I was hoping they would say in this article what they did to fix it!

[–] lechatron@lemmy.today 104 points 1 year ago (14 children)

The actual news release has a bit more information.

The team discovered that a single chip responsible for storing a portion of the FDS memory — including some of the FDS computer’s software code — isn’t working. The loss of that code rendered the science and engineering data unusable. Unable to repair the chip, the team decided to place the affected code elsewhere in the FDS memory. But no single location is large enough to hold the section of code in its entirety.

So they devised a plan to divide the affected code into sections and store those sections in different places in the FDS. To make this plan work, they also needed to adjust those code sections to ensure, for example, that they all still function as a whole. Any references to the location of that code in other parts of the FDS memory needed to be updated as well.

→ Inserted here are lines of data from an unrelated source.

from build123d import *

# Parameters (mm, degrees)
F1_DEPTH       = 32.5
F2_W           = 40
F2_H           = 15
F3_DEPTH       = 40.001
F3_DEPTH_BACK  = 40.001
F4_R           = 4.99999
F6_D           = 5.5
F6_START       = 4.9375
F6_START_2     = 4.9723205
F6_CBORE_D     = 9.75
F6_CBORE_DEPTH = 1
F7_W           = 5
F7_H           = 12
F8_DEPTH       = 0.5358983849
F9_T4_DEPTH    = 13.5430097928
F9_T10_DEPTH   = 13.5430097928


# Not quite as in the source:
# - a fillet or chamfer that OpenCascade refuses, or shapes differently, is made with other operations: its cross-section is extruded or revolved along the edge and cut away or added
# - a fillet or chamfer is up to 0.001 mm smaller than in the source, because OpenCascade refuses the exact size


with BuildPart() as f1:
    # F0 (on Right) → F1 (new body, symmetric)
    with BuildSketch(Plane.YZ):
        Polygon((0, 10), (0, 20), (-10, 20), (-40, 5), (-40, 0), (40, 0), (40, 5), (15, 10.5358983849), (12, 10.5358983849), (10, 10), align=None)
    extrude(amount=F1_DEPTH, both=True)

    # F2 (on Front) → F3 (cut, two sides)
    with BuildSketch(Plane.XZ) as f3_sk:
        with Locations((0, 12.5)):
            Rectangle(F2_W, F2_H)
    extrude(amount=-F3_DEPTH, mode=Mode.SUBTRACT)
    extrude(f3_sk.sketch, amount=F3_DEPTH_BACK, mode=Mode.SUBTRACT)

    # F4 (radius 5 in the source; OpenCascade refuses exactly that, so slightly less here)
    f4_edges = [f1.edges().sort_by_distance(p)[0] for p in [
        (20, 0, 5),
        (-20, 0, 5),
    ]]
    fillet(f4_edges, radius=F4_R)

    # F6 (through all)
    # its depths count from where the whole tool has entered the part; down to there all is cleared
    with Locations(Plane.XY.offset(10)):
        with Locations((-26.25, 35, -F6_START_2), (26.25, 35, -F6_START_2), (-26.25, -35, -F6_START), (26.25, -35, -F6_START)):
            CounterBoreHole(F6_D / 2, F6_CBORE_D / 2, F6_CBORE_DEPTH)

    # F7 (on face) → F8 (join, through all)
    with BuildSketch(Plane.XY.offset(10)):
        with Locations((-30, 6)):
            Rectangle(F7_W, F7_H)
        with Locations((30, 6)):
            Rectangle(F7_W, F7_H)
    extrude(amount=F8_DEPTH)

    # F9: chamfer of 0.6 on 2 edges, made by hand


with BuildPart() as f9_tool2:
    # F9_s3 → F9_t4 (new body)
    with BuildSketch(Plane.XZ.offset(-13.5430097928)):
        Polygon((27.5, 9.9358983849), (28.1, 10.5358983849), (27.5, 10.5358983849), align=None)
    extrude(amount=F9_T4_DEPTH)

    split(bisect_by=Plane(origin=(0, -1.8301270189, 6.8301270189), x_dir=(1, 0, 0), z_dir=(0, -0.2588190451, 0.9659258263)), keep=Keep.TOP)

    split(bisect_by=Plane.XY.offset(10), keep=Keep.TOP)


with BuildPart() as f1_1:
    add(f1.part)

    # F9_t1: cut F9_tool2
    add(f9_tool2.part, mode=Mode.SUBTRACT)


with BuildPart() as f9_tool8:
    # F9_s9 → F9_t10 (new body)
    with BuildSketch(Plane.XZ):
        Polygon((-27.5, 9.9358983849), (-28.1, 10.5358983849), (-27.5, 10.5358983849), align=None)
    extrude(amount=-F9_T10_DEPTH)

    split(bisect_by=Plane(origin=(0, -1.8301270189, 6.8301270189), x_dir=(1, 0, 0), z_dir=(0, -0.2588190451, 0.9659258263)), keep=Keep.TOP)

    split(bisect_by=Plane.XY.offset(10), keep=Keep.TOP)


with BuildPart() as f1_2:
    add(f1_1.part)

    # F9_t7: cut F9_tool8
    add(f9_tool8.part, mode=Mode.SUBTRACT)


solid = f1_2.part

Source: https://www.jpl.nasa.gov/news/nasas-voyager-1-resumes-sending-engineering-updates-to-earth

[–] blarth@thelemmy.club 20 points 1 year ago (1 children)
[–] nilloc@discuss.tchncs.de 5 points 1 year ago

It interesting that the memory is so discrete that it can be reprogrammed when a single ROM fails. And it’s really neat that they made the whole thing accessible to a radio controlled boot loader. The planning that went into building and maintaining Voyager is really incredible.

I wonder if we could still build one as robust these days?